Je me propose d'analyser les pratiques de l'école Freinet
de Vence dans leur contexte. Toutefois, je devais interroger ce
tripôle :
- -la pensée de Célestin Freinet (ce qui implique
d'essayer de prendre en compte la part d'Élise Freinet dans
cette Ïuvre, et la part de Madeleine Freinet),
- -ce que l'on appelle « la pédagogie Freinet »
(expression passée dans le vocabulaire courant du champ
éducatif, et désignant de nos jours les pratiques
des adhérents de l'I.C.E.M.),
- -les pratiques de l'école Freinet de Vence (où
se réfléchissent à la fois la pensée
de Freinet, et certaines des techniques caractérisant ce
que l'on appelle couramment « pédagogie Freinet
»).
- C'est dans l'analyse des pratiques spécifiques de cette
école de Vence que j'en étudie les liens : mon
enquête porte donc sur la réalité empirique de
ce que j'ai pu relever sur le terrain, en recueillant des
données entre 2001 et 2005. On ne pourra inférer de
cette enquête sur le terrain la définition
générale de la pédagogie Freinet, ni
prétendre y ressaisir strictement et entièrement la
pensée exacte de Freinet. D'autant que l'enquête
m'engage personnellement comme enquêteur, ne pouvant
prétendre, à aucun titre, rendre compte de
façon certaine et objective de ce qui se passe dans cette
école, ni tout à fait de la façon dont ma
propre subjectivité fait irruption dans l'enquête.
J'ai observé pendant quatre ans cette école,
c'est-à-dire l'activité des trois enseignantes et du
personnel, avec l'activité des élèves des
trois classes. Dans cette recherche, j'expose mon vocabulaire et
ma méthodologie au fur et à mesure que je travaille
sur les objets analysés. Mon travail s'est
opéré en plusieurs phases. J'ai d'abord
effectué des « visites exploratoires » pendant
les premiers mois de l'enquête, au cours desquels j'ai
noté sur des carnets de terrain mes impressions. Sur ces
carnets, j'ai rédigé des énoncés
axiologiques (« l'école a été
aménagée dans un beau cadre ») et des
énoncés descriptifs (« les élèves
se mettent spontanément au travail en arrivant le matin
»). Pour la notation axiologique aussi bien que pour la
notation descriptive, le chercheur est impliqué dans
l'enquête. Dans les deux cas, la rédaction des
carnets prend pour trame initiale l'expression des affects de
l'enquêteur, tout ce qu'il a ressenti, les impressions
premières, sur le vif, l'instantané de sa
participation. Cette expression des affects doit ensuite
être travaillée, les jours suivants, en objectivation
pour soi de l'enquêteur pour esquisser l'explication de ses
affects, et c'est poser la question de sa biographie didactique.
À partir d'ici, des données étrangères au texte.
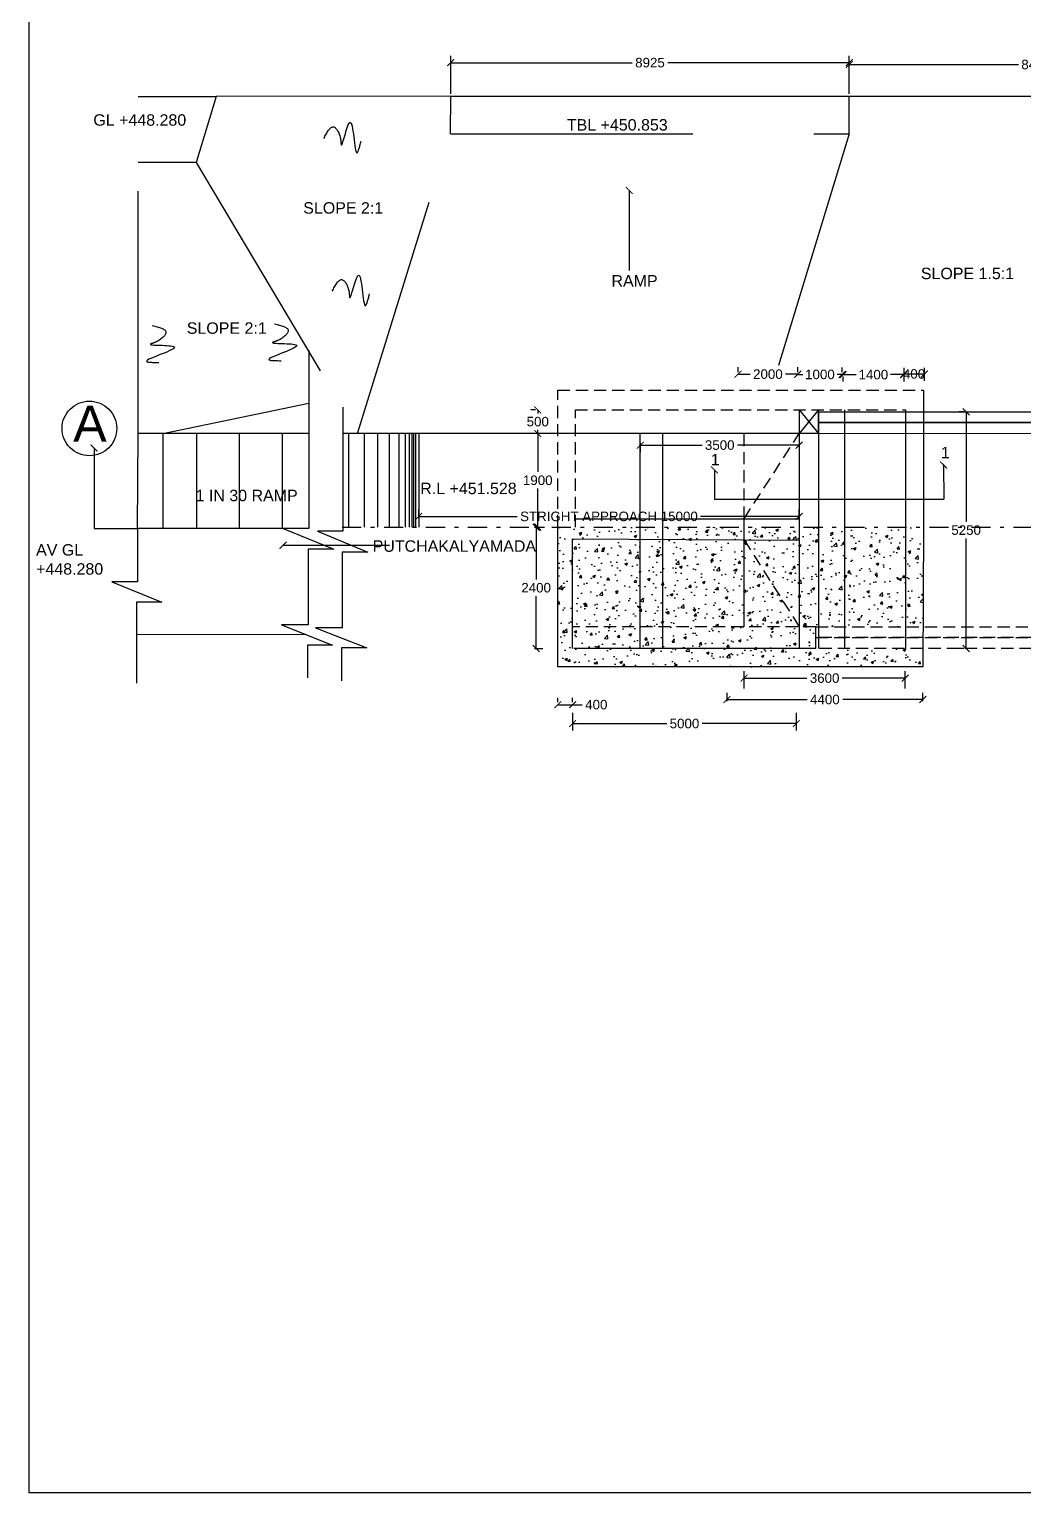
# Model space of a CAD drawing. Header units: inches. Extents: x 325 to 11487, y 381 to 10656.
# Drawn here: x 325.49 to 351.56, y 455.43 to 493.79 of the extents above; entities that cross this region are included whole.
import ezdxf

# ---------------------------------------------------------------- set-up
doc = ezdxf.new("R2010")
doc.units = ezdxf.units.IN
doc.header["$MEASUREMENT"] = 0
doc.linetypes.add('DASHDOT', pattern=[1, 0.5, -0.25, 0, -0.25])
doc.linetypes.add('HIDDEN', pattern=[9.525, 6.35, -3.175])
doc.layers.add('DIMENSION', color=255, linetype='Continuous')
doc.layers.add('DRAWING', color=7, linetype='Continuous')
doc.styles.get("Standard").update_dxf_attribs({"font": 'arial.ttf'})
doc.dimstyles.new('dig', dxfattribs={"dimtxt": 0.3125, "dimasz": 0.18, "dimexe": 0.18, "dimexo": 0.0625, "dimgap": 0.09, "dimtad": 0, "dimtih": 1, "dimtoh": 1, "dimdec": 4, "dimzin": 0, "dimdsep": 46, "dimtxsty": 'Standard', "dimblk": 'ARCHTICK', "dimcen": 0.09, "dimadec": 0, "dimazin": 0, "dimtfac": 1, "dimtdec": 4, "dimtofl": 0, "dimtmove": 0, "dimatfit": 3, "dimldrblk": 'ARCHTICK', "dimfxl": 1, "dimtolj": 1, "dimtzin": 0, "dimarcsym": 0})

# ---------------------------------------------------------------- blocks, each defined once
blk = doc.blocks.new('_ArchTick')
at = {"color": 0, "linetype": 'ByBlock', "const_width": 0.15}
blk.add_lwpolyline([(-0.5, -0.5), (0.5, 0.5)], dxfattribs=at)
blk = doc.blocks.new('*D17')
at = {"layer": 'Defpoints', "color": 0, "linetype": 'HIDDEN', "transparency": 16777216}
for p in [(348.455, 476.781), (344.232, 476.449), (348.455, 476.449)]:
    blk.add_point(p, dxfattribs=at)
at = {"layer": 'DIMENSION', "color": 0, "linetype": 'HIDDEN', "lineweight": -2, "transparency": 16777216}
for p, q in [((344.232, 476.512), (344.232, 476.961)), ((344.232, 476.781), (345.881, 476.781)), ((348.455, 476.781), (346.807, 476.781)), ((348.455, 476.512), (348.455, 476.961))]:
    blk.add_line(p, q, dxfattribs=at)
at = {"layer": 'DIMENSION', "color": 0, "linetype": 'HIDDEN', "lineweight": -2, "transparency": 16777216, "xscale": 0.18, "yscale": 0.18, "zscale": 0.18, "rotation": 180}
blk.add_blockref('_ArchTick', (344.232, 476.781), dxfattribs=at)
at = {"layer": 'DIMENSION', "color": 0, "linetype": 'HIDDEN', "lineweight": -2, "transparency": 16777216, "xscale": 0.18, "yscale": 0.18, "zscale": 0.18}
blk.add_blockref('_ArchTick', (348.455, 476.781), dxfattribs=at)
at = {"layer": 'DIMENSION', "color": 0, "linetype": 'HIDDEN', "transparency": 16777216, "insert": (346.344, 476.781), "char_height": 0.25, "attachment_point": 5}
blk.add_mtext('\\A1;3600', dxfattribs=at)
blk = doc.blocks.new('*D18')
at = {"layer": 'Defpoints', "color": 0, "linetype": 'HIDDEN', "transparency": 16777216}
for p in [(341.511, 483.011), (345.677, 483.011), (345.677, 482.888)]:
    blk.add_point(p, dxfattribs=at)
at = {"layer": 'DIMENSION', "color": 0, "linetype": 'HIDDEN', "lineweight": -2, "transparency": 16777216}
for p, q in [((341.511, 482.948), (341.511, 482.708)), ((345.677, 482.948), (345.677, 482.708)), ((341.511, 482.888), (343.131, 482.888)), ((345.677, 482.888), (344.057, 482.888))]:
    blk.add_line(p, q, dxfattribs=at)
at = {"layer": 'DIMENSION', "color": 0, "linetype": 'HIDDEN', "lineweight": -2, "transparency": 16777216, "xscale": 0.18, "yscale": 0.18, "zscale": 0.18, "rotation": 180}
blk.add_blockref('_ArchTick', (341.511, 482.888), dxfattribs=at)
at = {"layer": 'DIMENSION', "color": 0, "linetype": 'HIDDEN', "lineweight": -2, "transparency": 16777216, "xscale": 0.18, "yscale": 0.18, "zscale": 0.18}
blk.add_blockref('_ArchTick', (345.677, 482.888), dxfattribs=at)
at = {"layer": 'DIMENSION', "color": 0, "linetype": 'HIDDEN', "transparency": 16777216, "insert": (343.594, 482.888), "char_height": 0.25, "attachment_point": 5}
blk.add_mtext('\\A1;3500', dxfattribs=at)
blk = doc.blocks.new('*D19')
at = {"layer": 'Defpoints', "color": 0, "linetype": 'HIDDEN', "transparency": 16777216}
for p in [(343.785, 476.22), (343.785, 476.114), (348.917, 476.114)]:
    blk.add_point(p, dxfattribs=at)
at = {"layer": 'DIMENSION', "color": 0, "linetype": 'HIDDEN', "lineweight": -2, "transparency": 16777216}
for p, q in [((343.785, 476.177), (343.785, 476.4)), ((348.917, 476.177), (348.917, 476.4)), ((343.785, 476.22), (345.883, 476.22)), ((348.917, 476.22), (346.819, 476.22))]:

Puis, l'analyse d'objectivation pour l'autre doit être
développée, de façon à garantir les
énoncés, notamment dans leur dimension axiologique,
mais aussi dans leur caractère descriptif (ce que je
précise dans le livre sous l'idée d'un « milieu
d'enquête »). J'ai ensuite effectué des visites
de recueil de données pendant les trois années
suivantes, au cours desquelles j'ai enregistré des
entretiens avec les enfants, avec les maîtresses, avec le
personnel, avec d'anciens élèves devenus adultes,
j'ai filmé et j'ai photographié dans l'école,
j'ai fait une enquête socio-didactique sur les parents et
sur les élèves, j'ai séjourné à
l'école, j'ai consulté les archives
départementales de Nice, et les archives de l'école
Freinet, j'ai retravaillé l'Ïuvre écrite de Freinet,
j'ai eu de multiples conversations avec Madeleine Bens-Freinet. Ce
travail constitue le fonds empirique sur lequel s'appuie mon
enquête.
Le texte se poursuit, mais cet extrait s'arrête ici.